How to set up nvidia and xorg

I thought there was more in the Handbook. Seems sparse at first glance or maybe I looked at the wrong chapter.


----------



## joplass (Jan 28, 2019)

Thank you kindly all for your replies.  

I tried the BSD way using nvidia-driver-340 but it seems I need to have kernel source file in /usr/src.  Looking around, sysinstall could have helped but no longer in service.  I then found another tool I can't remember the name of right now but that tool did not have "configuration" to lead me to kernel source files.  

Can someone please point me to another tool that lead to kernel source files?  I am using 12.0-STABLE.  

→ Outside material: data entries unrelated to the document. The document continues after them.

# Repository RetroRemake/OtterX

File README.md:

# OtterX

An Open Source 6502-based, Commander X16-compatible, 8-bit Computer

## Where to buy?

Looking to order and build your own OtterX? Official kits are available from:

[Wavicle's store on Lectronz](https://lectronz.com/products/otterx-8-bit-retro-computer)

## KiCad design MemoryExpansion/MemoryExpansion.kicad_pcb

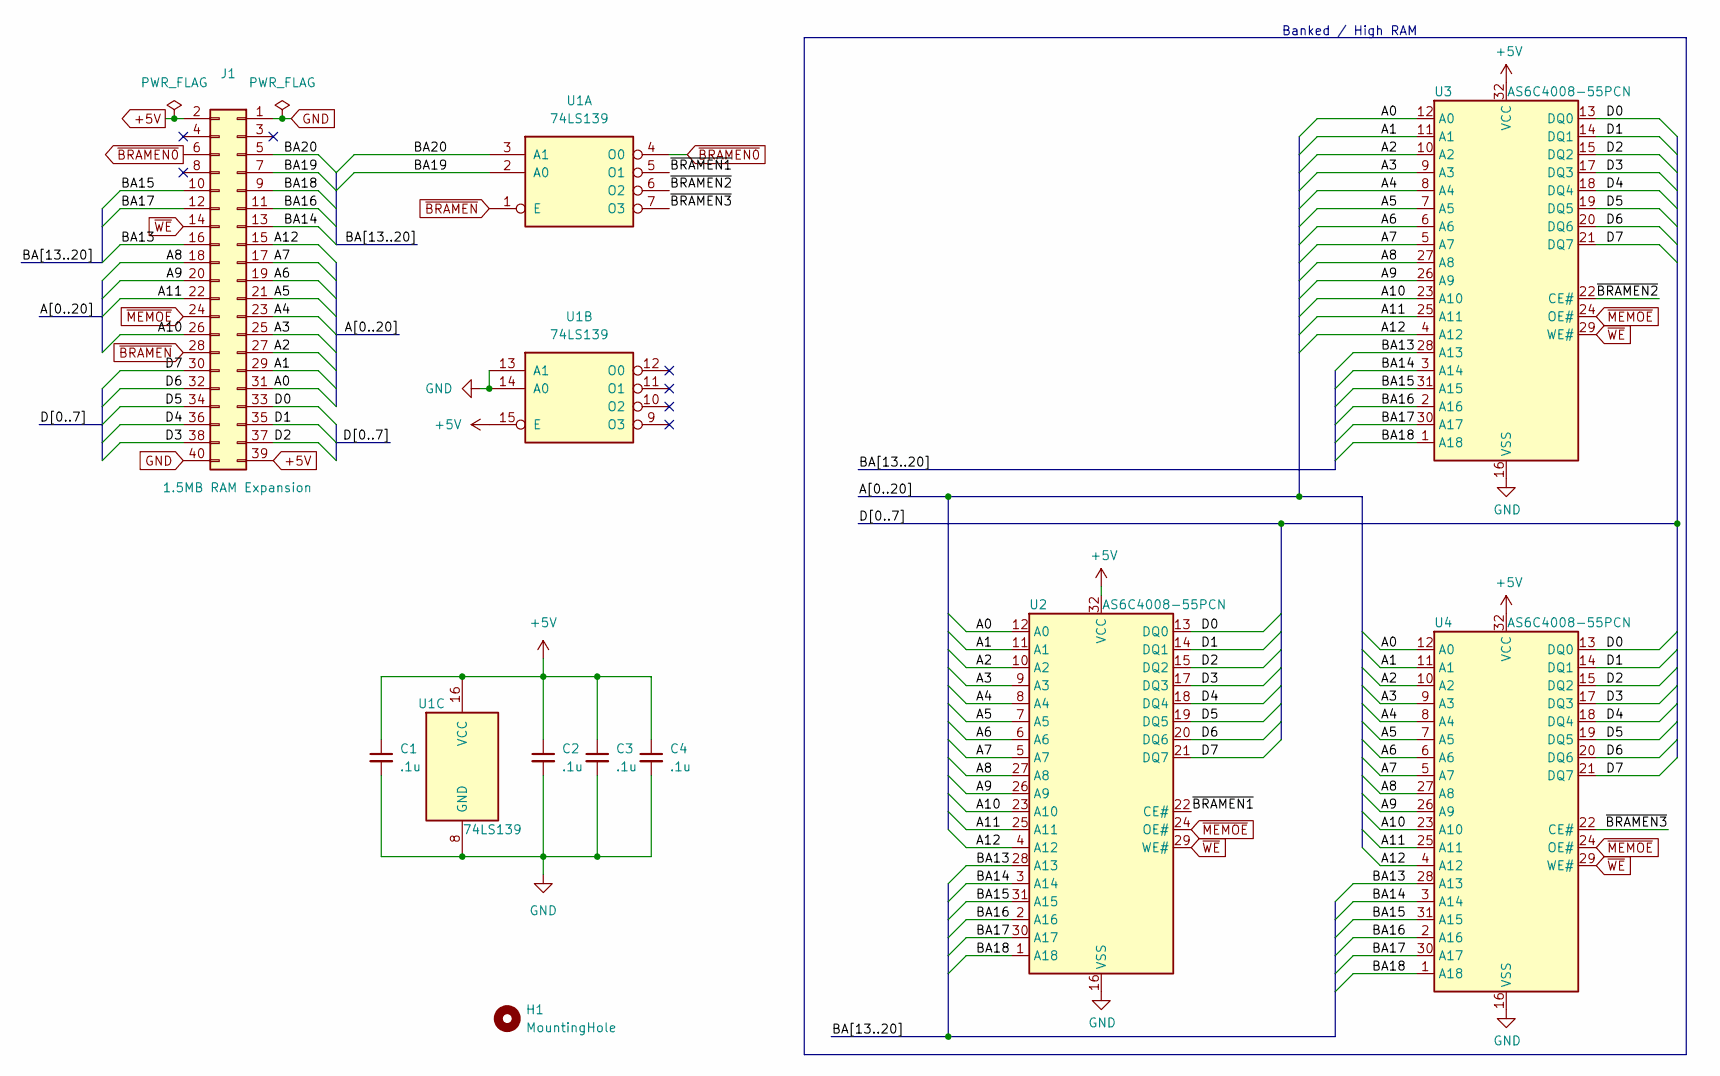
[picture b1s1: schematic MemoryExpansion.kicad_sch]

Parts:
C1, C2, C3, C4: .1u; C_Disc_D5.0mm_W2.5mm_P5.00mm
H1: MountingHole; MountingHole_2.2mm_M2
J1: 1.5MB RAM Expansion; PinHeader_2x20_P2.00mm_Vertical
U1: 74LS139; DIP-16_W7.62mm
U2, U3, U4: AS6C4008-55PCN; DIP-32_W15.24mm

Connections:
+5V: C1.1, C2.1, C3.1, C4.1, J1.2, J1.39, U1.15 (E), U1.16 (VCC), U2.32 (VCC), U3.32 (VCC), U4.32 (VCC)
/A0: J1.31, U2.12 (A0), U3.12 (A0), U4.12 (A0)
/A1: J1.29, U2.11 (A1), U3.11 (A1), U4.11 (A1)
/A2: J1.27, U2.10 (A2), U3.10 (A2), U4.10 (A2)
/A3: J1.25, U2.9 (A3), U3.9 (A3), U4.9 (A3)
/A4: J1.23, U2.8 (A4), U3.8 (A4), U4.8 (A4)
/A5: J1.21, U2.7 (A5), U3.7 (A5), U4.7 (A5)
/A6: J1.19, U2.6 (A6), U3.6 (A6), U4.6 (A6)
/A7: J1.17, U2.5 (A7), U3.5 (A7), U4.5 (A7)
/A8: J1.18, U2.27 (A8), U3.27 (A8), U4.27 (A8)
/A9: J1.20, U2.26 (A9), U3.26 (A9), U4.26 (A9)
/A10: J1.26, U2.23 (A10), U3.23 (A10), U4.23 (A10)
/A11: J1.22, U2.25 (A11), U3.25 (A11), U4.25 (A11)
/A12: J1.15, U2.4 (A12), U3.4 (A12), U4.4 (A12)
/BA13: J1.16, U2.28 (A13), U3.28 (A13), U4.28 (A13)
/BA14: J1.13, U2.3 (A14), U3.3 (A14), U4.3 (A14)
/BA15: J1.10, U2.31 (A15), U3.31 (A15), U4.31 (A15)
/BA16: J1.11, U2.2 (A16), U3.2 (A16), U4.2 (A16)
/BA17: J1.12, U2.30 (A17), U3.30 (A17), U4.30 (A17)
/BA18: J1.9, U2.1 (A18), U3.1 (A18), U4.1 (A18)
/BA19: J1.7, U1.2 (A0)
/BA20: J1.5, U1.3 (A1)
/D0: J1.33, U2.13 (DQ0), U3.13 (DQ0), U4.13 (DQ0)
/D1: J1.35, U2.14 (DQ1), U3.14 (DQ1), U4.14 (DQ1)
/D2: J1.37, U2.15 (DQ2), U3.15 (DQ2), U4.15 (DQ2)
/D3: J1.38, U2.17 (DQ3), U3.17 (DQ3), U4.17 (DQ3)
/D4: J1.36, U2.18 (DQ4), U3.18 (DQ4), U4.18 (DQ4)
/D5: J1.34, U2.19 (DQ5), U3.19 (DQ5), U4.19 (DQ5)
/D6: J1.32, U2.20 (DQ6), U3.20 (DQ6), U4.20 (DQ6)
/D7: J1.30, U2.21 (DQ7), U3.21 (DQ7), U4.21 (DQ7)
/~BRAMEN1: U1.5 (O1), U2.22 (CE#)
/~BRAMEN2: U1.6 (O2), U3.22 (CE#)
/~BRAMEN3: U1.7 (O3), U4.22 (CE#)
GND: C1.2, C2.2, C3.2, C4.2, J1.1, J1.40, U1.8 (GND), U1.13 (A1), U1.14 (A0), U2.16 (VSS), U3.16 (VSS), U4.16 (VSS)
~BRAMEN0: J1.6, U1.4 (O0)
~BRAMEN: J1.28, U1.1 (E)
~MEMOE: J1.24, U2.24 (OE#), U3.24 (OE#), U4.24 (OE#)
~WE: J1.14, U2.29 (WE#), U3.29 (WE#), U4.29 (WE#)

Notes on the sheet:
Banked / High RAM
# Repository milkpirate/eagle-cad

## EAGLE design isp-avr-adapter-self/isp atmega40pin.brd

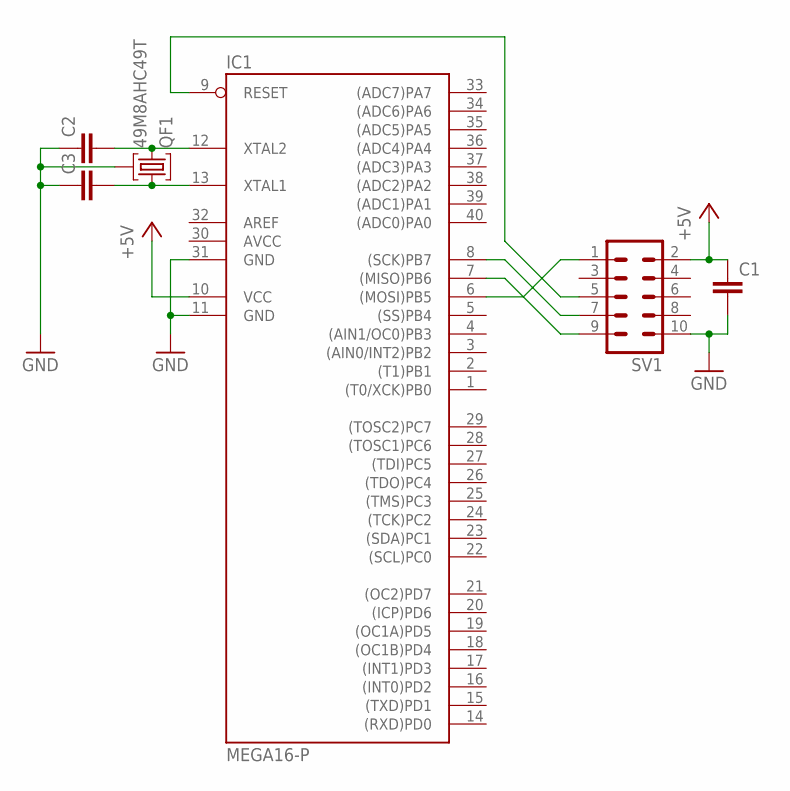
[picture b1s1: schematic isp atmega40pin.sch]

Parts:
C1, C2, C3: C-EU025-025X050; C025-025X050
IC1: MEGA16-P; DIL40
QF1: 49M8AHC49T; HC49U
SV1: ML10

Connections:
+5V: C1.1, IC1.10 (VCC), SV1.2
AVCC: IC1.30 (AVCC)
GND: C1.2, C2.1, C3.1, IC1.11 (GND), IC1.31 (GND), QF1.2, SV1.10
unnamed: IC1.6 ((MOSI)PB5), SV1.1
unnamed: C2.2, IC1.12 (XTAL2), QF1.3
unnamed: IC1.9 (RESET), SV1.5
unnamed: IC1.8 ((SCK)PB7), SV1.7
unnamed: C3.2, IC1.13 (XTAL1), QF1.1
unnamed: IC1.7 ((MISO)PB6), SV1.9

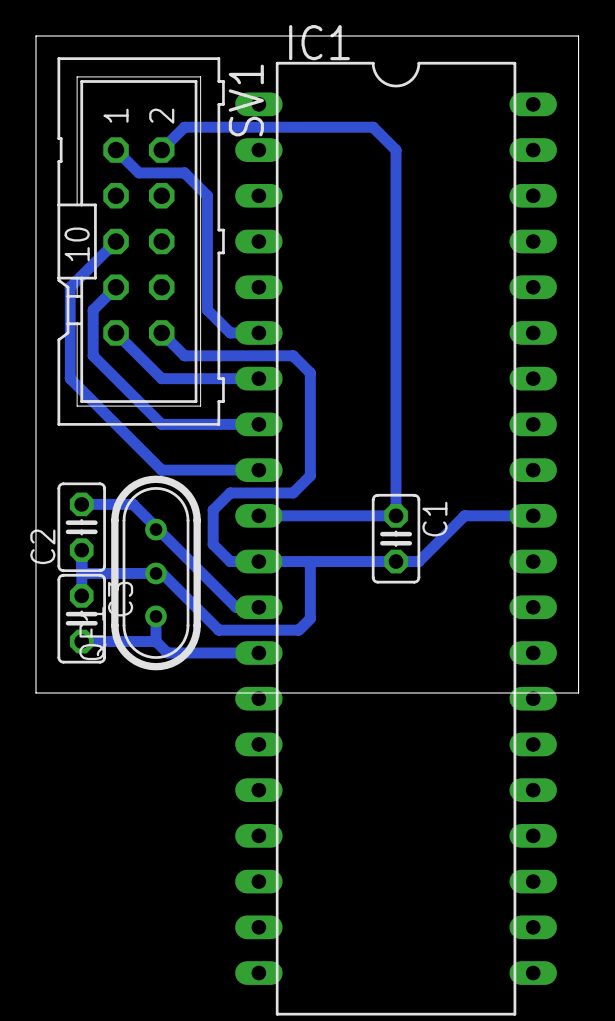
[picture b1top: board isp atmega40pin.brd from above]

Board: 2 copper layers, 30.1 x 36.5 mm, 6 parts (0 on the bottom side), 8 nets.

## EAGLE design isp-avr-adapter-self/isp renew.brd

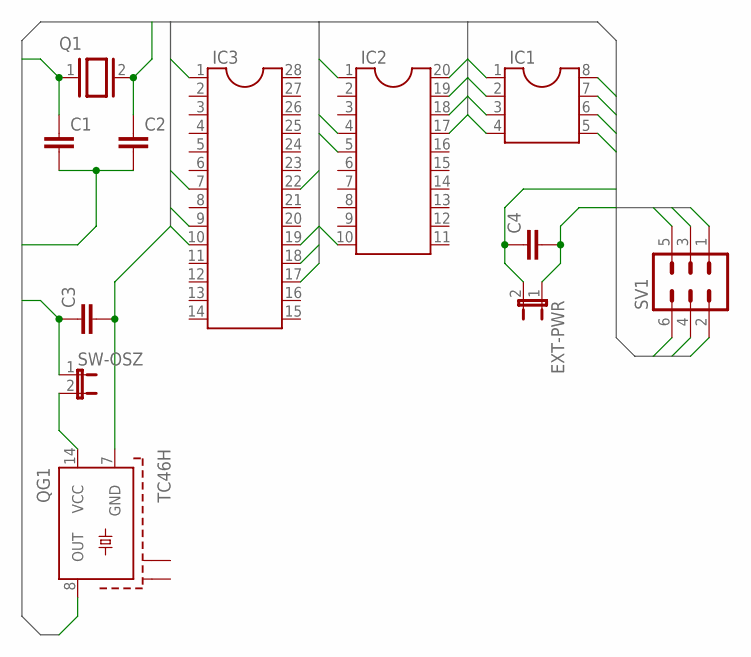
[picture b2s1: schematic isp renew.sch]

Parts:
C1, C2, C4: C-EU025-025X050; C025-025X050
C3: C-EU025-024X044; C025-024X044
EXT-PWR: JP1E; JP1
IC1: DIL8; DIL08
IC2: DIL20
IC3: DIL28-3
Q1: XTAL/S; QS
QG1: TC46H; TC46
SV1: ML6
SW-OSZ: JP1E; JP1

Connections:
GND: C1.2, C2.2, C3.2, C4.2, EXT-PWR.1, IC1.4, IC2.10, IC3.22, QG1.7 (GND), SV1.6
MISO: IC1.6, IC2.18, IC3.18, SV1.1
MOSI: IC1.5, IC2.17, IC3.17, SV1.4
unnamed: QG1.14 (VCC), SW-OSZ.2
RESET: IC1.1, IC2.1, IC3.1, SV1.5
SCK: IC1.7, IC2.19, IC3.19, SV1.3
VCC: C3.1, C4.1, EXT-PWR.2, IC1.8, IC2.20, IC3.7, SV1.2, SW-OSZ.1
XTAL1: C1.1, IC1.2, IC2.4, IC3.9, Q1.1, QG1.8 (OUT)
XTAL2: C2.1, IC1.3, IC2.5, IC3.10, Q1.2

I hate to have to annoy you guys but I spent my Sunday afternoon trying to solve this issue.


----------



## Sevendogsbsd (Jan 28, 2019)

Never worked with STABLE before but looks like you can ftp the source down from here: Releases but that is (I think) for RELEASE and not STABLE, so you'll have to back up the dir tree until you find STABLE. You would need to untar the file at that point. Here is an article on this, but for an older release: Kernel Source Install

Not sure if you can use `bsdinstall` to do this, I have not tried.


----------



## SirDice (Jan 28, 2019)

joplass said:


> Can someone please point me to another tool that lead to kernel source files? I am using 12.0-STABLE.


The only way to get to any -STABLE version is by using the source. So you either already have them or you installed some sort of -SNAPSHOT version. 

As this is a new installation and you're not yet fluent in using FreeBSD I suggest you reinstall using 12.0-RELEASE and staying with a -RELEASE. Once you understand how things work and how each FreeBSD version relates to another you can try a -STABLE branch.

Handbook: 23.4. Tracking a Development Branch

The 'stable' in 12.0-STABLE (or 11-STABLE) refers to the stability of the API/ABI, not to its general fitness or its ability to run without issues.


----------



## joplass (Jan 28, 2019)

That's what I get for not reading.  I wrongly assumed that STABLE was the end product and RELEASE was a WIP.  

I will try Sevendogsbsd's suggestion.  If that does not work I will go with RELEASE.

Thanks.


----------



## Sevendogsbsd (Jan 28, 2019)

Personally, if this is your first venture into FreeBSD, I would take Sir Dice's suggestion and stick with RELEASE. Up to you...


----------



## joplass (Jan 28, 2019)

Sevendogsbsd said:


> Personally, if this is your first venture into FreeBSD, I would take Sir Dice's suggestion and stick with RELEASE. Up to you...


Will do!  Grrr I put so much work into the current installation. 

Thank you guys, lesson learned.


----------